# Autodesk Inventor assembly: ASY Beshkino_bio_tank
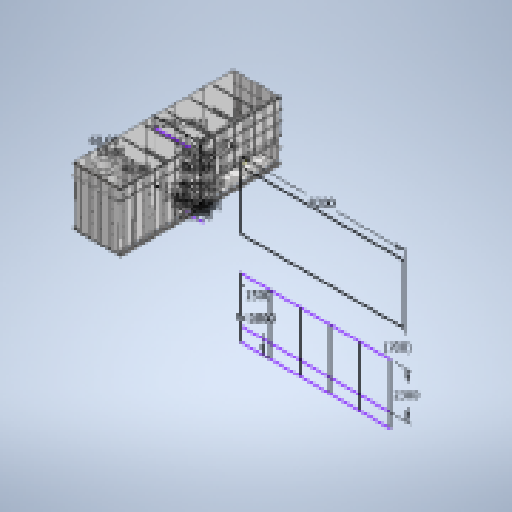
[picture p0: Inventor's stored thumbnail of the model, 512x512]
Saved by Autodesk Inventor 2025 (Build 290162010, 162A)
## iProperties
Created: 2024-07-21
Part Number: ASY Beshkino_bio_tank
Document SubType Name: Assembly
Designer: admin
Mass: 5.81287e+06 g
Surface Area: 2.77755e+06 cm^2
Volume: 3.12018e+06 cm^3
Density: 1.86299 g/cm^3
Author: admin
## Documents named in this file (46)
- C:\Users\DELL\YandexDisk-badmisterfox\домашниий пк\Inventor\BSH_Beshkino_bio_tank\ASY Beshkino_bio_tank.iam
- C:\Users\DELL\YandexDisk-badmisterfox\домашниий пк\Inventor\BSH_Beshkino_bio_tank\BSH 000 dim Beshkino_bio_tank.ipt
- C:\Users\DELL\YandexDisk-badmisterfox\домашниий пк\Inventor\BSH_Beshkino_bio_tank\BSH 011 floor.ipt
- C:\Users\DELL\YandexDisk-badmisterfox\домашниий пк\Inventor\BSH_Beshkino_bio_tank\BSH 021 rib floor.ipt
- C:\Users\DELL\YandexDisk-badmisterfox\домашниий пк\Inventor\BSH_Beshkino_bio_tank\BSH 022 rib board.ipt
- C:\Users\DELL\YandexDisk-badmisterfox\домашниий пк\Inventor\BSH_Beshkino_bio_tank\BSH 076 tube.ipt
- C:\Users\DELL\YandexDisk-badmisterfox\домашниий пк\Inventor\BSH_Beshkino_bio_tank\BSH 061 butt end.ipt
- C:\Users\DELL\YandexDisk-badmisterfox\домашниий пк\Inventor\BSH_Beshkino_bio_tank\BSH 041 board.ipt
- C:\Users\DELL\YandexDisk-badmisterfox\домашниий пк\Inventor\BSH_Beshkino_bio_tank\BSH 047 board.ipt
- C:\Users\DELL\YandexDisk-badmisterfox\домашниий пк\Inventor\BSH_Beshkino_bio_tank\BSH 045 back.ipt
- C:\Users\DELL\YandexDisk-badmisterfox\домашниий пк\Inventor\BSH_Beshkino_bio_tank\BSH 031 stringer floor.ipt
- C:\Users\DELL\YandexDisk-badmisterfox\домашниий пк\Inventor\BSH_Beshkino_bio_tank\BSH 036 stringer board 4.ipt
- C:\Users\DELL\YandexDisk-badmisterfox\домашниий пк\Inventor\BSH_Beshkino_bio_tank\BSH 032 stringer floor small.ipt
- C:\Users\DELL\YandexDisk-badmisterfox\домашниий пк\Inventor\BSH_Beshkino_bio_tank\BSH 039 stringer butt end in.ipt
- C:\Users\DELL\YandexDisk-badmisterfox\домашниий пк\Inventor\BSH_Beshkino_bio_tank\BSH 014 board cone.ipt
- C:\Users\DELL\YandexDisk-badmisterfox\домашниий пк\Inventor\BSH_Beshkino_bio_tank\BSH 051 sheet in.ipt
- C:\Users\DELL\YandexDisk-badmisterfox\домашниий пк\Inventor\BSH_Beshkino_bio_tank\BSH 071 amplifier in.ipt
- C:\Users\DELL\YandexDisk-badmisterfox\домашниий пк\Inventor\BSH_Beshkino_bio_tank\BSH 072 amplifier in.ipt
- C:\Users\DELL\YandexDisk-badmisterfox\домашниий пк\Inventor\BSH_Beshkino_bio_tank\BSH 012 floor.ipt
- C:\Users\DELL\YandexDisk-badmisterfox\домашниий пк\Inventor\BSH_Beshkino_bio_tank\BSH 016 cone.ipt
- C:\Users\DELL\YandexDisk-badmisterfox\домашниий пк\Inventor\BSH_Beshkino_bio_tank\BSH 013 floor.ipt
- C:\Users\DELL\YandexDisk-badmisterfox\домашниий пк\Inventor\BSH_Beshkino_bio_tank\BSH 015 board cone wall.ipt
- C:\Users\DELL\YandexDisk-badmisterfox\домашниий пк\Inventor\BSH_Beshkino_bio_tank\BSH 017 small detail floor.ipt
- C:\Users\DELL\YandexDisk-badmisterfox\домашниий пк\Inventor\BSH_Beshkino_bio_tank\BSH 038 stringer butt end.ipt
- C:\Users\DELL\YandexDisk-badmisterfox\домашниий пк\Inventor\BSH_Beshkino_bio_tank\BSH 053 sheet in.ipt
- C:\Users\DELL\YandexDisk-badmisterfox\домашниий пк\Inventor\BSH_Beshkino_bio_tank\BSH 044 board.ipt
- C:\Users\DELL\YandexDisk-badmisterfox\домашниий пк\Inventor\BSH_Beshkino_bio_tank\BSH 046 back.ipt
- C:\Users\DELL\YandexDisk-badmisterfox\домашниий пк\Inventor\BSH_Beshkino_bio_tank\BSH 042 board.ipt
- C:\Users\DELL\YandexDisk-badmisterfox\домашниий пк\Inventor\BSH_Beshkino_bio_tank\BSH 043 board.ipt
- C:\Users\DELL\YandexDisk-badmisterfox\домашниий пк\Inventor\BSH_Beshkino_bio_tank\BSH 052 sheet in.ipt
- C:\Users\DELL\YandexDisk-badmisterfox\домашниий пк\Inventor\BSH_Beshkino_bio_tank\BSH 023 rib butt end.ipt
- C:\Users\DELL\YandexDisk-badmisterfox\домашниий пк\Inventor\BSH_Beshkino_bio_tank\BSH 037 stringer board.ipt
- C:\Users\DELL\YandexDisk-badmisterfox\домашниий пк\Inventor\BSH_Beshkino_bio_tank\BSH 024 rib butt end in.ipt
- C:\Users\DELL\YandexDisk-badmisterfox\домашниий пк\Inventor\BSH_Beshkino_bio_tank\BSH 077 tube.ipt
- C:\Users\DELL\YandexDisk-badmisterfox\домашниий пк\Inventor\BSH_Beshkino_bio_tank\BSH 073 tube.ipt
- C:\Users\DELL\YandexDisk-badmisterfox\домашниий пк\Inventor\BSH_Beshkino_bio_tank\BSH 074 tube.ipt
- C:\Users\DELL\YandexDisk-badmisterfox\домашниий пк\Inventor\BSH_Beshkino_bio_tank\BSH 075 tube.ipt
- C:\Users\DELL\YandexDisk-badmisterfox\домашниий пк\Inventor\BSH_Beshkino_bio_tank\BSH 024 rib board short.ipt
- C:\Users\DELL\YandexDisk-badmisterfox\домашниий пк\Inventor\BSH_Beshkino_bio_tank\BSH 0363 stringer board 4.ipt
- C:\Users\DELL\YandexDisk-badmisterfox\домашниий пк\Inventor\BSH_Beshkino_bio_tank\BSH 022 rib floor 2.ipt
- C:\Users\DELL\YandexDisk-badmisterfox\домашниий пк\Inventor\BSH_Beshkino_bio_tank\BSH 033 stringer floor 3.ipt
- C:\Users\DELL\YandexDisk-badmisterfox\домашниий пк\Inventor\BSH_Beshkino_bio_tank\BSH 025 rib board cone.ipt
- C:\Users\DELL\YandexDisk-badmisterfox\домашниий пк\Inventor\BSH_Beshkino_bio_tank\ASY 080 barrel.iam
- C:\Users\DELL\YandexDisk-badmisterfox\домашниий пк\Inventor\BSH_Beshkino_bio_tank\BSH 0351 stringer board 3.ipt
- C:\Users\DELL\YandexDisk-badmisterfox\домашниий пк\Inventor\BSH_Beshkino_bio_tank\BSH 0341 stringer board 2.ipt
- C:\Users\DELL\YandexDisk-badmisterfox\домашниий пк\Inventor\BSH_Beshkino_bio_tank\BSH 014 board cone_CPY.ipt
## Components (129 placed, 48 different names)
1. BSH 000 dim Beshkino_bio_tank:1
2. BSH 076 tube:1 — Mate:1, Rigid:1, Mate:3, Mate:119, Flush:121, Flush:122, Mate:121, Flush:123
3. BSH 076 tube:2 — Mate:2, Rigid:1, Mate:4, Flush:3, Flush:4, Flush:124, Mate:132, Flush:128
4. BSH 011 floor:1 — Rigid:5, Rigid:83, Mate:77, Flush:18, Flush:19
5. BSH 011 floor:2 — Rigid:5, Rigid:82
6. BSH 011 floor:3 — Mate:5, Mate:6, Mate:7, Flush:4, Mate:10, Flush:5, Flush:11, Rigid:82, Mate:74, Mate:133
7. BSH 061 butt end:1 — Mate:10, Flush:5, Mate:11, Rigid:11, Mate:73, Mate:108, Mate:135, Flush:131, Mate:136
8. BSH 047 board:1 — Flush:11, Mate:73, Mate:74, Rigid:104, Mate:127, Flush:125, Flush:126, Mate:128, Flush:127
9. BSH 061 butt end:2 — Rigid:11, Rigid:53
10. BSH 021 rib floor:1 — Mate:4, Flush:3, Mate:5, Mate:6, Rigid:9, Rigid:109, Rigid:118, Rigid:122, Mate:120, Rigid:156
11. BSH 061 butt end:3 — Mate:113
12. BSH 061 butt end:4 — Rigid:53, Flush:112
13. BSH 014 board cone:1 — Mate:26, Rigid:57, Mate:30, Mate:80, Mate:83
14. BSH 061 butt end:5 — Mate:26, Mate:30, Mate:84, Flush:21, Mate:94, Mate:141
15. BSH 061 butt end:6 — Flush:8, Mate:40, Mate:111, Mate:137, Mate:138
16. BSH 014 board cone:2 — Rigid:57, Angle:1, Mate:49, Mate:50, Mate:64, Mate:71
17. BSH 036 stringer board 4:4 — Rigid:141
18. BSH 037 stringer board:1 — Rigid:141, Rigid:142
19. BSH 0363 stringer board 4:1 — Rigid:142, Rigid:143
20. BSH 051 sheet in:1 — Mate:84, Rigid:108, Mate:88, Mate:89, Mate:90, Mate:91, Mate:123
21. BSH 012 floor:1 — Rigid:66, Mate:42, Angle:1, Mate:49, Rigid:83, Mate:72, Mate:87
22. BSH 016 cone:1 — Mate:42, Mate:50, Mate:90
23. BSH 047 board:2 — Rigid:139
24. BSH 012 floor:2 — Rigid:66, Rigid:67, Mate:63, Mate:78, Mate:122
25. BSH 013 floor:1 — Rigid:67, Mate:40, Mate:81
26. BSH 045 back:1 — Rigid:90, Rigid:103
27. BSH 015 board cone wall:1 — Mate:71, Mate:72, Mate:85, Mate:86
28. BSH 017 small detail floor:1 — Mate:77, Flush:18, Flush:19
29. BSH 038 stringer butt end:1 — Mate:107, Mate:108, Rigid:128, Rigid:129, Rigid:130, Rigid:131
30. BSH 016 cone:2 — Mate:63, Mate:64, Mate:91
31. BSH 022 rib board:2 — Rigid:137, Mate:117, Flush:117
32. BSH 016 cone:3 — Mate:78, Mate:80, Mate:88
33. BSH 016 cone:4 — Mate:81, Mate:83, Mate:89
34. BSH 053 sheet in:1 — Rigid:107
35. BSH 044 board:1 — Rigid:90, Mate:85, Rigid:106
36. BSH 046 back:1 — Rigid:103, Flush:21, Mate:96, Flush:132, Mate:139
37. BSH 042 board:1 — Rigid:104, Rigid:105
38. BSH 043 board:1 — Rigid:105, Rigid:106
39. BSH 052 sheet in:1 — Rigid:107, Rigid:108, Mate:86, Mate:87
40. BSH 031 stringer floor:1 — Rigid:109, Rigid:147
41. BSH 032 stringer floor small:1 — Mate:131, Rigid:146
42. BSH 031 stringer floor:4 — Rigid:118
43. BSH 031 stringer floor:7 — Rigid:122
44. BSH 031 stringer floor:12 — Rigid:156
45. BSH 023 rib butt end:1 — Rigid:128, Mate:130
46. BSH 023 rib butt end:2 — Rigid:129
47. BSH 023 rib butt end:3 — Rigid:130
48. BSH 023 rib butt end:4 — Rigid:131
49. BSH 023 rib butt end:5
50. BSH 023 rib butt end:6
51. BSH 023 rib butt end:7
52. BSH 023 rib butt end:8 — Flush:129
53. BSH 022 rib board:3 — Rigid:138, Mate:128, Mate:129, Flush:127, Rigid:143
54. BSH 022 rib board:4 — Rigid:137
55. BSH 077 tube:1 — Mate:119, Flush:121, Flush:122, Mate:120, Mate:130
56. BSH 077 tube:2 — Mate:121, Flush:123, Flush:124, Mate:131, Flush:129
57. BSH 073 tube:1 — Mate:122, Mate:123, Mate:124
58. BSH 074 tube:1 — Mate:135, Flush:131, Mate:136
59. BSH 075 tube:2 — Mate:127, Flush:125, Flush:126, Mate:129, Mate:140
60. BSH 033 stringer floor 3:1 — Rigid:147
61. BSH 025 rib board cone:1 — Flush:130, Mate:134
62. ASY 080 barrel:1 [sub-assembly] — Mate:133
63. BSH 0351 stringer board 3:1 — Rigid:148
64. BSH 0341 stringer board 2:1 — Rigid:149
65. BSH 042 stringer floor:2 — Rigid:150
66. BSH 042 stringer floor:3 — Rigid:151
67. BSH 042 stringer floor:4 — Rigid:152
68. BSH 033 stringer floor 3:2 — Rigid:154
69. BSH 033 stringer floor 3:3 — Rigid:153
70. BSH 033 stringer floor 3:4 — Rigid:155
71. BSH 051 water tray:1 — Mate:139, Mate:140, Mate:141
72. BSH 041 board:1 — Mate:117, Flush:117, Rigid:139
73. BSH 041 board:2
74. BSH 041 board:3
75. BSH 041 board:4
76. BSH 041 board:5 — Mate:137, Flush:132, Mate:138
77. BSH 071 amplifier in:1 — Flush:22, Mate:94, Mate:96, Flush:24, Mate:97, Mate:124
78. BSH 072 amplifier in:1 — Flush:22, Mate:93, Flush:24
79. BSH 071 amplifier in:2
80. BSH 072 amplifier in:2
81. BSH 071 amplifier in:3
82. BSH 072 amplifier in:3
83. BSH 071 amplifier in:4
84. BSH 072 amplifier in:4
85. BSH 071 amplifier in:5
86. BSH 072 amplifier in:5
87. BSH 039 stringer butt end in:1 — Mate:23, Flush:112, Mate:113, Rigid:140
88. BSH 039 stringer butt end in:2
89. BSH 039 stringer butt end in:3
90. BSH 039 stringer butt end in:4
91. BSH 039 stringer butt end in:5
92. BSH 024 rib butt end in:1 — Rigid:140
93. BSH 024 rib butt end in:2
94. BSH 024 rib butt end in:3
95. BSH 024 rib butt end in:4
96. BSH 022 rib board:1 — Rigid:138
97. BSH 022 rib 2:36
98. BSH 022 rib 2:37
99. BSH 022 rib 2:38
100. BSH 022 rib 2:39
101. BSH 022 rib 2:40
102. BSH 022 rib 2:41
103. BSH 022 rib 2:42
104. BSH 022 rib 2:43 — Rigid:144
105. BSH 024 rib board short:1 — Rigid:144, Flush:130, Mate:134
106. BSH 024 rib board short:2
107. BSH 024 rib board short:3
108. BSH 024 rib board short:4
109. BSH 024 rib board short:5
110. BSH 024 rib board short:6 — Rigid:148, Rigid:149
111. BSH 021 rib floor:2 — Rigid:9
112. BSH 020 rib 1:4
113. BSH 020 rib 1:5
114. BSH 020 rib 1:6
115. BSH 020 rib 1:7 — Rigid:145
116. BSH 022 rib floor 2:1 — Rigid:146, Mate:132, Flush:128, Rigid:150, Rigid:151, Rigid:152
117. BSH 022 rib floor 2:2
118. BSH 022 rib floor 2:3
119. BSH 022 rib floor 2:4
120. BSH 022 rib floor 2:5
121. BSH 022 rib floor 2:6
122. BSH 020 rib 1:8 — Rigid:145
123. BSH 020 rib 1:9
124. BSH 020 rib 1:10
125. BSH 020 rib 1:11 — Rigid:153, Rigid:154, Rigid:155
126. BSH 038 stringer butt end:2 — Flush:111, Mate:111
127. BSH 038 stringer butt end:3
128. BSH 038 stringer butt end:4
129. BSH 038 stringer butt end:5
## Component patterns: (5 elements, first: BSH 041 board:1), (5 elements, first: BSH 071 amplifier in:1 + BSH 072 amplifier in:1), (5 elements, first: BSH 039 stringer butt end in:1), (4 elements, first: BSH 024 rib butt end in:1), (9 elements, first: BSH 022 rib board:1), (6 elements, first: BSH 024 rib board short:1), (5 elements, first: BSH 021 rib floor:2), (6 elements, first: BSH 022 rib floor 2:1), (4 elements, first: BSH 020 rib 1:8), (4 elements, first: BSH 038 stringer butt end:2)
## Relationships (141: Mate 65, WeldJoint 50, Flush 25, Angle 1)
- Mate:1: BSH 076 tube:1
- Mate:2: BSH 076 tube:2
- Rigid:1 [WeldJoint] (-2400 mm): BSH 076 tube:1 ↔ BSH 076 tube:2
- Mate:3: BSH 076 tube:1
- Mate:4: BSH 076 tube:2 ↔ BSH 021 rib floor:1
- Flush:3: BSH 076 tube:2 ↔ BSH 021 rib floor:1
- Mate:5: BSH 011 floor:3 ↔ BSH 021 rib floor:1
- Mate:6: BSH 011 floor:3 ↔ BSH 021 rib floor:1
- Rigid:5 [WeldJoint]: BSH 011 floor:1 ↔ BSH 011 floor:2
- Mate:7: BSH 011 floor:3
- Flush:4: BSH 076 tube:2 ↔ BSH 011 floor:3
- Rigid:9 [WeldJoint] (-500 mm): BSH 021 rib floor:1 ↔ BSH 021 rib floor:2
- Mate:10: BSH 011 floor:3 ↔ BSH 061 butt end:1
- Flush:5 (10 mm): BSH 011 floor:3 ↔ BSH 061 butt end:1
- Mate:11: BSH 061 butt end:1
- Rigid:11 [WeldJoint]: BSH 061 butt end:1 ↔ BSH 061 butt end:2
- Mate:23: BSH 039 stringer butt end in:1
- [WeldJoint]: BSH 061 butt end:3 ↔ BSH 061 butt end:4
- Rigid:53 [WeldJoint] (1500 mm): BSH 061 butt end:2 ↔ BSH 061 butt end:4
- [WeldJoint]: BSH 061 butt end:5 ↔ BSH 061 butt end:6
- Flush:8: BSH 061 butt end:6
- Mate:26: BSH 014 board cone:1 ↔ BSH 061 butt end:5
- Rigid:57 [WeldJoint]: BSH 014 board cone:1 ↔ BSH 014 board cone:2
- Mate:30: BSH 014 board cone:1 ↔ BSH 061 butt end:5
- Flush:11: BSH 011 floor:3 ↔ BSH 047 board:1
- Rigid:66 [WeldJoint]: BSH 012 floor:1 ↔ BSH 012 floor:2
- Rigid:67 [WeldJoint]: BSH 012 floor:2 ↔ BSH 013 floor:1
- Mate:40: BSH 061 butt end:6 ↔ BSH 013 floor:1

• _PROBLEM DETAILS_: Please give back, exactly as it stands above, the stretch from the line with "053 sheet in.ipt" through the line with "пк\Inventor\BSH_Beshkino_bio_tank\BSH 073 tube.ipt", and no line outside it.

• _REPLY_:
- C:\Users\DELL\YandexDisk-badmisterfox\домашниий пк\Inventor\BSH_Beshkino_bio_tank\BSH 053 sheet in.ipt
- C:\Users\DELL\YandexDisk-badmisterfox\домашниий пк\Inventor\BSH_Beshkino_bio_tank\BSH 044 board.ipt
- C:\Users\DELL\YandexDisk-badmisterfox\домашниий пк\Inventor\BSH_Beshkino_bio_tank\BSH 046 back.ipt
- C:\Users\DELL\YandexDisk-badmisterfox\домашниий пк\Inventor\BSH_Beshkino_bio_tank\BSH 042 board.ipt
- C:\Users\DELL\YandexDisk-badmisterfox\домашниий пк\Inventor\BSH_Beshkino_bio_tank\BSH 043 board.ipt
- C:\Users\DELL\YandexDisk-badmisterfox\домашниий пк\Inventor\BSH_Beshkino_bio_tank\BSH 052 sheet in.ipt
- C:\Users\DELL\YandexDisk-badmisterfox\домашниий пк\Inventor\BSH_Beshkino_bio_tank\BSH 023 rib butt end.ipt
- C:\Users\DELL\YandexDisk-badmisterfox\домашниий пк\Inventor\BSH_Beshkino_bio_tank\BSH 037 stringer board.ipt
- C:\Users\DELL\YandexDisk-badmisterfox\домашниий пк\Inventor\BSH_Beshkino_bio_tank\BSH 024 rib butt end in.ipt
- C:\Users\DELL\YandexDisk-badmisterfox\домашниий пк\Inventor\BSH_Beshkino_bio_tank\BSH 077 tube.ipt
- C:\Users\DELL\YandexDisk-badmisterfox\домашниий пк\Inventor\BSH_Beshkino_bio_tank\BSH 073 tube.ipt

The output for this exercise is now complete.